08 Déc

Bernard Carayon : baïonnette au canon, napalm comme munition

La présidentielle approche. Bernard Carayon avance baïonnette au canon. Le député du Tarn travaille au corps ses militants. Dans un courrier interne, il lance – selon ses termes – un « appel au combat ». Les armes utilisées sont du « napalm ». Les mots sont gluants, incendiaires.

« Voulez-vous que les Algériens, les Turcs et les Américains « fassent la loi » chez nous ? ». Une victoire des socialistes conduira à la « légalisation des drogues ». La « guerre » de Bernard Carayon est sans dentelle.

François Hollande et une éventuelle alternance sont criblés de plomb. Les munitions de l’élu UMP sont « conventionnelles ». Elles sortent de l’arsenal de son parti. Hostilité farouche au vote des immigrés. Caricature rageuse, hargneuse, d’une Gauche irresponsable et dépensière. Bernard Carayon applique le manuel.

Il le fait sans complexe. Ni mauvaise conscience. Les positions musclées ne le choquent pas. Dans sa jeunesse, sur les bancs de la faculté, il a fréquenté un syndicat d’extrême droite. Un syndicat familier des coups de poing. Le GUD. Plus tard, au ministère de l’Intérieur, il a été le « bras armé » d’un proche de Charles Pasqua. Robert Pandraud.

En parlant d’invasion nationale ou en stigmatisant la Gauche, Bernard Carayon est sur ses « terres ». Ses terres idéologiques. Mais aussi électorales. Grand gagnant du nouveau découpage des circonscriptions, Bernard Carayon conserve, dans son giron, des fiefs de droite. Notamment de gros cantons Castres.

S’agissant des législatives, la maison Carayon ne brûle pas. La Place Beauvau a bien servi un de ses anciens serviteurs. Certains parlementaires ont reçu un mauvais coup de ciseau. Ils se retrouvent avec des terrains de chasse improbables. Mélangeant des territoires hétérogènes.

Bernard Carayon échappe à ces tourments. Mais il en a un autre : mai 2012.

Sa « vraie » bataille ce sont les présidentielles.
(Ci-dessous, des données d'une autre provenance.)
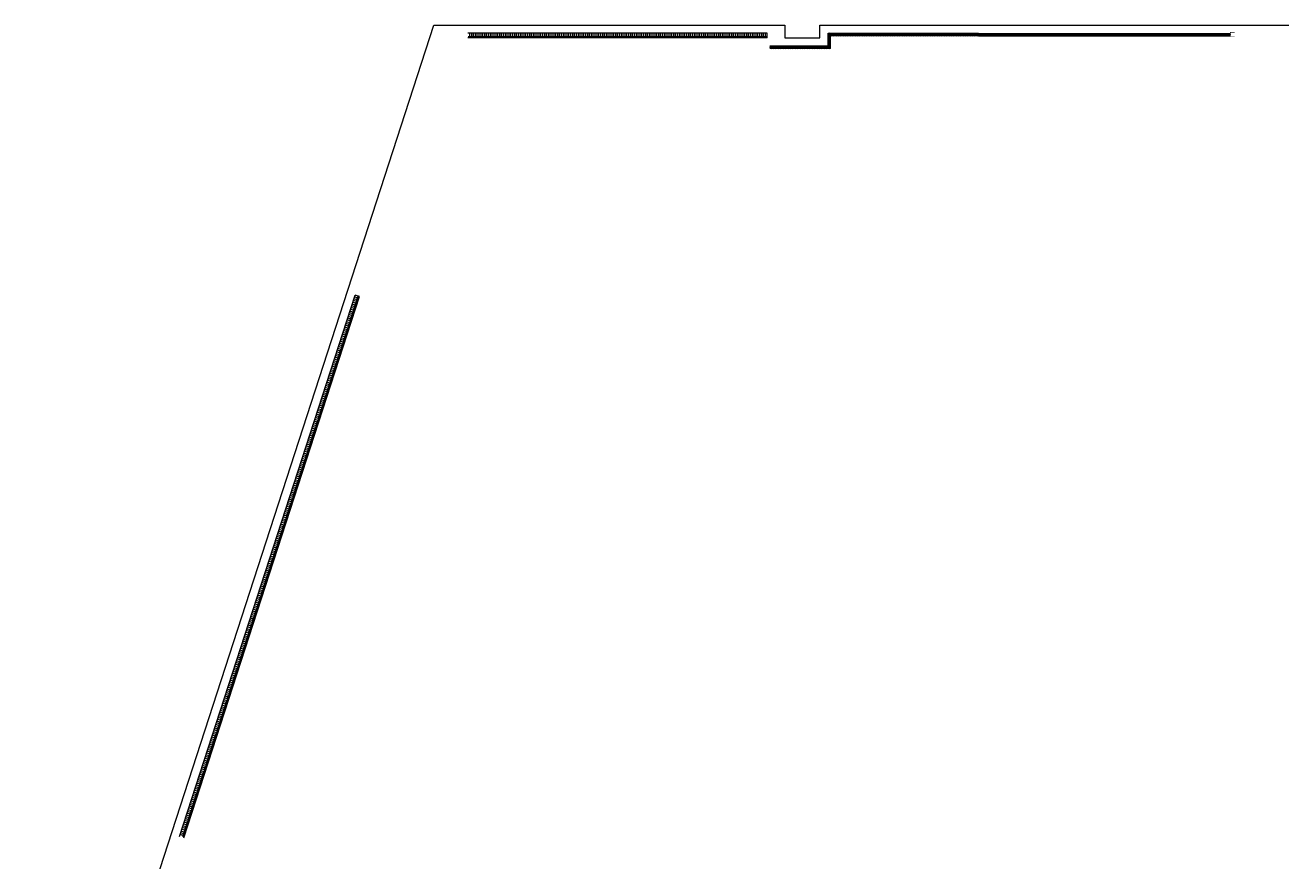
# Model space of a CAD drawing. Extents: x -1313754 to 847533, y 489853 to 941203.
# Drawn here: x -1313754 to -1259830, y 585514 to 621420 of the extents above; entities that cross this region are included whole.
import ezdxf

# ---------------------------------------------------------------- set-up
doc = ezdxf.new("R2010")
doc.units = 0
doc.header["$LTSCALE"] = 1000
doc.header["$MEASUREMENT"] = 0
doc.layers.get('Defpoints').update_dxf_attribs({"color": 210})
for name, color, linetype in [('99平面图例外参$0$A-HATCH-2', 251, 'Continuous'), ('A-HRAIL', 173, 'Continuous'), ('A-LIN-V', 9, 'Continuous'), ('A-SFCE', 30, 'Continuous'), ('DIM_SYMB', 3, 'Continuous')]:
    doc.layers.add(name, color=color, linetype=linetype)

# ---------------------------------------------------------------- blocks, each defined once
blk = doc.blocks.new('234234werwer')
at = {"layer": 'Defpoints'}
blk.add_lwpolyline([(502400, -274600), (476900, -274600), (476900, -274050), (475400, -274050), (475400, -274600), (442800, -274600), (442800, -255437), (460333, -201400), (460333, -201400), (475400, -201400), (475400, -201950), (476900, -201950), (476900, -201400), (502400, -201400)], dxfattribs=at)
blk = doc.blocks.new('3333')
at = {"layer": 'A-SFCE', "const_width": 20}
blk.add_lwpolyline([(-227064, 766320), (-227064, 766510), (-227244, 766510), (-227244, 766320)], dxfattribs=at)
blk = doc.blocks.new('99平面图例外参$0$$LinePat$圆环')
for points in [[(0, 150), (300, 150)], [(0, 0), (300, 0)], [(0, -150), (300, -150)]]:
    blk.add_lwpolyline(points)
at = {"color": 0}
blk.add_circle((150, 0), 150, dxfattribs=at)
blk = doc.blocks.new('99平面图例外参$0$$LinePat$填挖边坡')
at = {"color": 0}
for p, q in [((0, 0), (0, -1500)), ((300, 0), (300, -600))]:
    blk.add_line(p, q, dxfattribs=at)
at = {"layer": 'Defpoints', "color": 0}
blk.add_point((600, 0), dxfattribs=at)
blk = doc.blocks.new('34242343243')
at = {"layer": 'A-LIN-V'}
for p, q in [((-281908, 621070), (-294754, 621070)), ((-281908, 620870), (-294754, 620870)), ((-307133, 586607), (-299596, 609834)), ((-306942, 586545), (-299406, 609772)), ((-299406, 609772), (-299596, 609834))]:
    blk.add_line(p, q, dxfattribs=at)
at = {"layer": '99平面图例外参$0$A-HATCH-2', "color": 203, "yscale": 0.1333333333333333, "zscale": 0.1333333333333333}
for p, xscale, rotation in [((-294674, 620870), 0.1338124999985388, 179.9999999990436), ((-294594, 620870), 0.1338124999985388, 179.9999999990436), ((-294513, 620870), 0.1338124999985388, 179.9999999990436), ((-294433, 620870), 0.1338124999985388, 179.9999999990436), ((-294353, 620870), 0.1338124999985388, 179.9999999990436), ((-294272, 620870), 0.1338124999985388, 179.9999999990436), ((-294192, 620870), 0.1338124999985388, 179.9999999990436), ((-294112, 620870), 0.1338124999985388, 179.9999999990436), ((-294032, 620870), 0.1338124999985388, 179.9999999990436), ((-293951, 620870), 0.1338124999985388, 179.9999999990436), ((-293871, 620870), 0.1338124999985388, 179.9999999990436), ((-293791, 620870), 0.1338124999985388, 179.9999999990436), ((-293710, 620870), 0.1338124999985388, 179.9999999990436), ((-293630, 620870), 0.1338124999985388, 179.9999999990436), ((-293550, 620870), 0.1338124999985388, 179.9999999990436), ((-293470, 620870), 0.1338124999985388, 179.9999999990436), ((-293389, 620870), 0.1338124999985388, 179.9999999990436), ((-293309, 620870), 0.1338124999985388, 179.9999999990436), ((-293229, 620870), 0.1338124999985388, 179.9999999990436), ((-293148, 620870), 0.1338124999985388, 179.9999999990436), ((-293068, 620870), 0.1338124999985388, 179.9999999990436), ((-292988, 620870), 0.1338124999985388, 179.9999999990436), ((-292908, 620870), 0.1338124999985388, 179.9999999990436), ((-292827, 620870), 0.1338124999985388, 179.9999999990436), ((-292747, 620870), 0.1338124999985388, 179.9999999990436), ((-292667, 620870), 0.1338124999985388, 179.9999999990436), ((-292586, 620870), 0.1338124999985388, 179.9999999990436), ((-292506, 620870), 0.1338124999985388, 179.9999999990436), ((-292426, 620870), 0.1338124999985388, 179.9999999990436), ((-292346, 620870), 0.1338124999985388, 179.9999999990436), ((-292265, 620870), 0.1338124999985388, 179.9999999990436), ((-292185, 620870), 0.1338124999985388, 179.9999999990436), ((-292105, 620870), 0.1338124999985388, 179.9999999990436), ((-292024, 620870), 0.1338124999985388, 179.9999999990436), ((-291944, 620870), 0.1338124999985388, 179.9999999990436), ((-291864, 620870), 0.1338124999985388, 179.9999999990436), ((-291784, 620870), 0.1338124999985388, 179.9999999990436), ((-291703, 620870), 0.1338124999985388, 179.9999999990436), ((-291623, 620870), 0.1338124999985388, 179.9999999990436), ((-291543, 620870), 0.1338124999985388, 179.9999999990436), ((-291462, 620870), 0.1338124999985388, 179.9999999990436), ((-291382, 620870), 0.1338124999985388, 179.9999999990436), ((-291302, 620870), 0.1338124999985388, 179.9999999990436), ((-291222, 620870), 0.1338124999985388, 179.9999999990436), ((-291141, 620870), 0.1338124999985388, 179.9999999990436), ((-291061, 620870), 0.1338124999985388, 179.9999999990436), ((-290981, 620870), 0.1338124999985388, 179.9999999990436), ((-290900, 620870), 0.1338124999985388, 179.9999999990436), ((-290820, 620870), 0.1338124999985388, 179.9999999990436), ((-290740, 620870), 0.1338124999985388, 179.9999999990436), ((-290660, 620870), 0.1338124999985388, 179.9999999990436), ((-290579, 620870), 0.1338124999985388, 179.9999999990436), ((-290499, 620870), 0.1338124999985388, 179.9999999990436), ((-290419, 620870), 0.1338124999985388, 179.9999999990436), ((-290338, 620870), 0.1338124999985388, 179.9999999990436), ((-290258, 620870), 0.1338124999985388, 179.9999999990436), ((-290178, 620870), 0.1338124999985388, 179.9999999990436), ((-290098, 620870), 0.1338124999985388, 179.9999999990436), ((-290017, 620870), 0.1338124999985388, 179.9999999990436), ((-289937, 620870), 0.1338124999985388, 179.9999999990436), ((-289857, 620870), 0.1338124999985388, 179.9999999990436), ((-289776, 620870), 0.1338124999985388, 179.9999999990436), ((-289696, 620870), 0.1338124999985388, 179.9999999990436), ((-289616, 620870), 0.1338124999985388, 179.9999999990436), ((-289535, 620870), 0.1338124999985388, 179.9999999990436), ((-289455, 620870), 0.1338124999985388, 179.9999999990436), ((-289375, 620870), 0.1338124999985388, 179.9999999990436), ((-289295, 620870), 0.1338124999985388, 179.9999999990436), ((-289214, 620870), 0.1338124999985388, 179.9999999990436), ((-289134, 620870), 0.1338124999985388, 179.9999999990436), ((-289054, 620870), 0.1338124999985388, 179.9999999990436), ((-288973, 620870), 0.1338124999985388, 179.9999999990436), ((-288893, 620870), 0.1338124999985388, 179.9999999990436), ((-288813, 620870), 0.1338124999985388, 179.9999999990436), ((-288733, 620870), 0.1338124999985388, 179.9999999990436), ((-288652, 620870), 0.1338124999985388, 179.9999999990436), ((-288572, 620870), 0.1338124999985388, 179.9999999990436), ((-288492, 620870), 0.1338124999985388, 179.9999999990436), ((-288411, 620870), 0.1338124999985388, 179.9999999990436), ((-288331, 620870), 0.1338124999985388, 179.9999999990436), ((-288251, 620870), 0.1338124999985388, 179.9999999990436), ((-288171, 620870), 0.1338124999985388, 179.9999999990436), ((-288090, 620870), 0.1338124999985388, 179.9999999990436), ((-288010, 620870), 0.1338124999985388, 179.9999999990436), ((-287930, 620870), 0.1338124999985388, 179.9999999990436), ((-287849, 620870), 0.1338124999985388, 179.9999999990436), ((-287769, 620870), 0.1338124999985388, 179.9999999990436), ((-287689, 620870), 0.1338124999985388, 179.9999999990436), ((-287609, 620870), 0.1338124999985388, 179.9999999990436), ((-287528, 620870), 0.1338124999985388, 179.9999999990436), ((-287448, 620870), 0.1338124999985388, 179.9999999990436), ((-287368, 620870), 0.1338124999985388, 179.9999999990436), ((-287287, 620870), 0.1338124999985388, 179.9999999990436), ((-287207, 620870), 0.1338124999985388, 179.9999999990436), ((-287127, 620870), 0.1338124999985388, 179.9999999990436), ((-287047, 620870), 0.1338124999985388, 179.9999999990436), ((-286966, 620870), 0.1338124999985388, 179.9999999990436), ((-286886, 620870), 0.1338124999985388, 179.9999999990436), ((-286806, 620870), 0.1338124999985388, 179.9999999990436), ((-286725, 620870), 0.1338124999985388, 179.9999999990436), ((-286645, 620870), 0.1338124999985388, 179.9999999990436), ((-286565, 620870), 0.1338124999985388, 179.9999999990436), ((-286485, 620870), 0.1338124999985388, 179.9999999990436), ((-286404, 620870), 0.1338124999985388, 179.9999999990436), ((-286324, 620870), 0.1338124999985388, 179.9999999990436), ((-286244, 620870), 0.1338124999985388, 179.9999999990436), ((-286163, 620870), 0.1338124999985388, 179.9999999990436), ((-286083, 620870), 0.1338124999985388, 179.9999999990436), ((-286003, 620870), 0.1338124999985388, 179.9999999990436), ((-285923, 620870), 0.1338124999985388, 179.9999999990436), ((-285842, 620870), 0.1338124999985388, 179.9999999990436), ((-285762, 620870), 0.1338124999985388, 179.9999999990436), ((-285682, 620870), 0.1338124999985388, 179.9999999990436), ((-285601, 620870), 0.1338124999985388, 179.9999999990436), ((-285521, 620870), 0.1338124999985388, 179.9999999990436), ((-285441, 620870), 0.1338124999985388, 179.9999999990436), ((-285361, 620870), 0.1338124999985388, 179.9999999990436), ((-285280, 620870), 0.1338124999985388, 179.9999999990436), ((-285200, 620870), 0.1338124999985388, 179.9999999990436), ((-285120, 620870), 0.1338124999985388, 179.9999999990436), ((-285039, 620870), 0.1338124999985388, 179.9999999990436), ((-284959, 620870), 0.1338124999985388, 179.9999999990436), ((-284879, 620870), 0.1338124999985388, 179.9999999990436), ((-284799, 620870), 0.1338124999985388, 179.9999999990436), ((-284718, 620870), 0.1338124999985388, 179.9999999990436), ((-284638, 620870), 0.1338124999985388, 179.9999999990436), ((-284558, 620870), 0.1338124999985388, 179.9999999990436), ((-284477, 620870), 0.1338124999985388, 179.9999999990436), ((-284397, 620870), 0.1338124999985388, 179.9999999990436), ((-284317, 620870), 0.1338124999985388, 179.9999999990436), ((-284237, 620870), 0.1338124999985388, 179.9999999990436), ((-284156, 620870), 0.1338124999985388, 179.9999999990436), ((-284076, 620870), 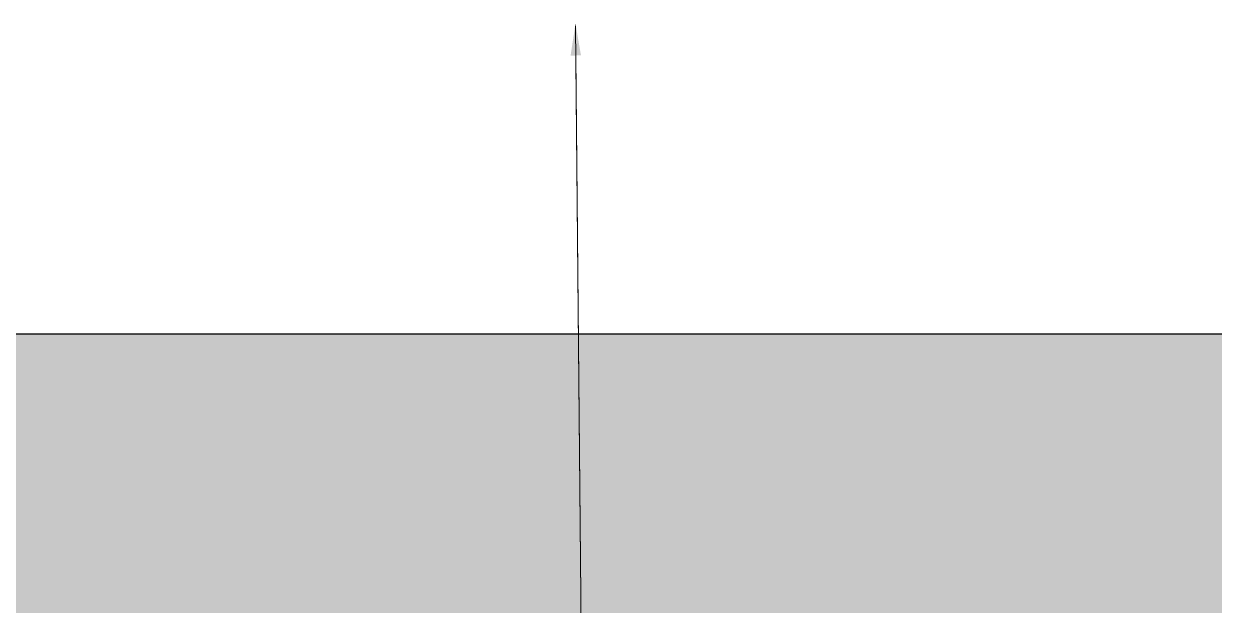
# Model space of a CAD drawing. Header units: millimetres. Extents: x 64682 to 95728, y -1640 to 17847.
# Drawn here: x 70531 to 72785, y 12679 to 13780 of the extents above; entities that cross this region are included whole.
import ezdxf
from ezdxf import colors
from ezdxf.entities.mleader import LeaderData, LeaderLine
from ezdxf.math import Vec2, Vec3

# ---------------------------------------------------------------- set-up
doc = ezdxf.new("R2010")
doc.units = ezdxf.units.MM
for name, color, linetype, lineweight in [('_ACM-A-ANNO-DIMS', 2, 'Continuous', 13), ('_ACM-A-ANNO-DIMS @ 10', 2, 'Continuous', 13), ('_ACM-A-ANNO-DIMS @ 2', 2, 'Continuous', 13), ('_ACM-A-ANNO-DIMS @ 30', 2, 'Continuous', 13)]:
    doc.layers.add(name, color=color, linetype=linetype, lineweight=lineweight)
doc.layers.add('WALL TYPE$0$I-SECT-LW03', color=3, linetype='Continuous')
doc.styles.add('Arial_1', font='arial.ttf', dxfattribs={"height": 75})

# ---------------------------------------------------------------- blocks, each defined once
blk = doc.blocks.new('*U368')
at = {"layer": '_ACM-A-ANNO-DIMS @ 10'}
ml = blk.add_multileader_mtext('Standard', dxfattribs=at)
ml.set_content('\\pxsm1,ql,t0.75;{\\fSimHei|b0|i0|c134|p49;\\T0.85;\\C256;柜体层板暗藏灯带\\PLF1a LED灯带 12W/M }', color=256, style='Arial_1')
ml.set_leader_properties(color=2)
ml.build(insert=Vec2(0, 0))
ml.multileader.update_dxf_attribs({"text_right_attachment_type": 6, "dogleg_length": 4.740287700319059, "arrow_head_size": 20, "scale": 10})
ctx = ml.context
ctx.base_point, ctx.scale, ctx.char_height, ctx.arrow_head_size, ctx.landing_gap_size, ctx.plane_origin = Vec3(71639.86742316428, 12003.01793785988), 10, 25, 20, 0.03, Vec3(71264.0221312407, 13761.41773604603)
ctx.right_attachment = 6
notes = []
notes.append((ctx, [(0, (1, 1, 0), (71592.46454616109, 12003.01793785988), (1, 0), 47.40287700319059, [(0, [(71575.55657974232, 12311.88336613826)], 0, [])])]))
ctx.mtext.insert, ctx.mtext.flow_direction = Vec3(71639.89742316428, 12017.41400527561), 5
at = {"layer": '_ACM-A-ANNO-DIMS @ 2'}
ml = blk.add_multileader_mtext('Standard', dxfattribs=at)
ml.set_content('\\pxsm1,ql,t0.75;{\\fSimHei|b0|i0|c134|p49;\\T0.85;\\C256;柜体层板暗藏灯带\\PLF1a LED灯带 12W/M }', color=256, style='Arial_1')
ml.set_leader_properties(color=2)
ml.build(insert=Vec2(0, 0))
ml.multileader.update_dxf_attribs({"text_right_attachment_type": 6, "dogleg_length": 4.740287700319059, "scale": 2})
ctx = ml.context
ctx.base_point, ctx.scale, ctx.char_height, ctx.landing_gap_size, ctx.plane_origin = Vec3(71601.94512156173, 12003.01793785988), 2, 5, 0.006, Vec3(71264.0221312407, 13761.41773604603)
ctx.right_attachment = 6
notes.append((ctx, [(0, (1, 1, 0), (71592.46454616109, 12003.01793785988), (1, 0), 9.480575400638118, [(0, [(71575.55657974232, 13779.61359357423)], 0, [])])]))
ctx.mtext.insert, ctx.mtext.flow_direction = Vec3(71601.95112156172, 12005.89715134303), 5
at = {"layer": '_ACM-A-ANNO-DIMS @ 30'}
ml = blk.add_multileader_mtext('Standard', dxfattribs=at)
ml.set_content('\\pxsm1,ql,t0.75;{\\fSimHei|b0|i0|c134|p49;\\T0.85;\\C256;柜体层板暗藏灯带\\PLF1a LED灯带 12W/M }', color=256, style='Arial_1')
ml.set_leader_properties(color=2)
ml.build(insert=Vec2(0, 0))
ml.multileader.update_dxf_attribs({"text_right_attachment_type": 6, "dogleg_length": 4.740287700319059, "arrow_head_size": 60, "scale": 30})
ctx = ml.context
ctx.base_point, ctx.scale, ctx.char_height, ctx.arrow_head_size, ctx.landing_gap_size, ctx.plane_origin = Vec3(71734.67317717067, 12003.01793785988), 30, 75, 60, 0.09, Vec3(71264.0221312407, 13761.41773604603)
ctx.right_attachment = 6
notes.append((ctx, [(0, (1, 1, 0), (71592.46454616109, 12003.01793785988), (1, 0), 142.2086310095718, [(0, [(71575.55657974232, 13779.61359357423)], 0, [])])]))
ctx.mtext.insert, ctx.mtext.flow_direction = Vec3(71734.76317717067, 12046.20614010707), 5
for ctx, leaders in notes:
    for number, flags, end, landing, length, lines in leaders:
        leader = LeaderData()
        leader.index, (leader.has_last_leader_line, leader.has_dogleg_vector, leader.attachment_direction) = number, flags
        leader.last_leader_point, leader.dogleg_vector, leader.dogleg_length = Vec3(end), Vec3(landing), length
        for number, points, colour, breaks in lines:
            line = LeaderLine()
            line.index, line.vertices, line.color, line.breaks = number, Vec3.list(points), colors.encode_raw_color(colour), breaks
            leader.lines.append(line)
        ctx.leaders.append(leader)

msp = doc.modelspace()

# ---------------------------------------------------------------- hatches: boundary and pattern name
h = msp.add_hatch()
h.set_pattern_fill('0-钢筋混凝土001-DOM', color=251, scale=15, pattern_type=2)
h.set_pattern_definition([(45, (68722.29263668787, 13791.97414429325), (-53.03300858899107, 53.03300858899107), []), (49.99999999999999, (68722.29263668787, 13791.97414429325), (107.589027390113, -9.412820247389266), [11.25, -123.75]), (355, (68722.29263668787, 13791.97414429325), (-20.81270004195, 112.8288200550018), [9, -99]), (100.4514, (68731.25838868287, 13791.18974328867), (86.77640725710323, 103.415931309143), [9.5610285, -105.1713168]), (46.18420000000001, (68722.29263668787, 13821.97414429325), (160.0861572938467, -24.82785214935271), [16.875, -185.625]), (96.6356, (68735.63314843287, 13819.90514823866), (140.1994058323055, 146.1176806350663), [14.3415432, -157.75695]), (351.1842, (68722.29263668787, 13821.97414429325), (140.1992917700441, 146.1177901387987), [13.5, -148.5]), (21, (68737.29263668787, 13814.47414429325), (89.53605781776925, -60.39283359980082), [11.25, -123.75]), (326.0000000000001, (68737.29263668787, 13814.47414429325), (36.49729978823727, 108.772506757028), [9, -99]), (71.4514, (68744.75397163737, 13809.44140339316), (126.0333942872235, 48.37957450649286), [9.5610285, -105.1713168]), (37.50000000000001, (68722.29263668737, 13791.97414429316), (1.8239782975936, 49.93407807469672), [0.75, -97.8, 0.75, -100.5, 0.75, -99.375]), (7.499999999999999, (68722.29263668737, 13791.97414429316), (39.46043061632229, 59.16175678235403), [0.75, -57.3, 0.75, -95.55, 0.75, -37.875]), (327.5, (68688.84263668736, 13791.97414429316), (80.07336542586135, -3.383230760156997), [0.75, -37.5, 0.75, -117, 0.75, -155.25]), (317.5, (68673.84263668286, 13791.97414428866), (87.47792540135794, 15.01574734984763), [0.75, -48.75, 0.75, -77.69999999999999, 0.75, -110.25])])
h.paths.add_polyline_path([(73902.29263668784, 13191.97414429366), (68972.29263668787, 13191.97414429366), (68972.29263668788, 11101.97414429366), (69422.29263668784, 11101.97414429366), (69422.29263668784, 12651.97414429366), (73902.29263668784, 12651.97414429366)])

# ---------------------------------------------------------------- linework, layer by layer
at = {"layer": 'WALL TYPE$0$I-SECT-LW03'}
msp.add_line((73902.29263668784, 13191.97414429366), (68972.29263668787, 13191.97414429366), dxfattribs=at)

# ---------------------------------------------------------------- block references
at = {"layer": '_ACM-A-ANNO-DIMS'}
msp.add_blockref('*U368', (0, 0), dxfattribs=at)

doc.saveas('drawing.dxf')

En 1997, il a perdu son mandat de député. Une socialiste – Monique Collange – lui a ravi son siège. Bernard Carayon a expérimenté une évidence : le climat national impacte les législatives. L’inversion du calendrier électoral renforce ce jeu de domino. Plus que jamais, la présidentielle « fait » les législatives.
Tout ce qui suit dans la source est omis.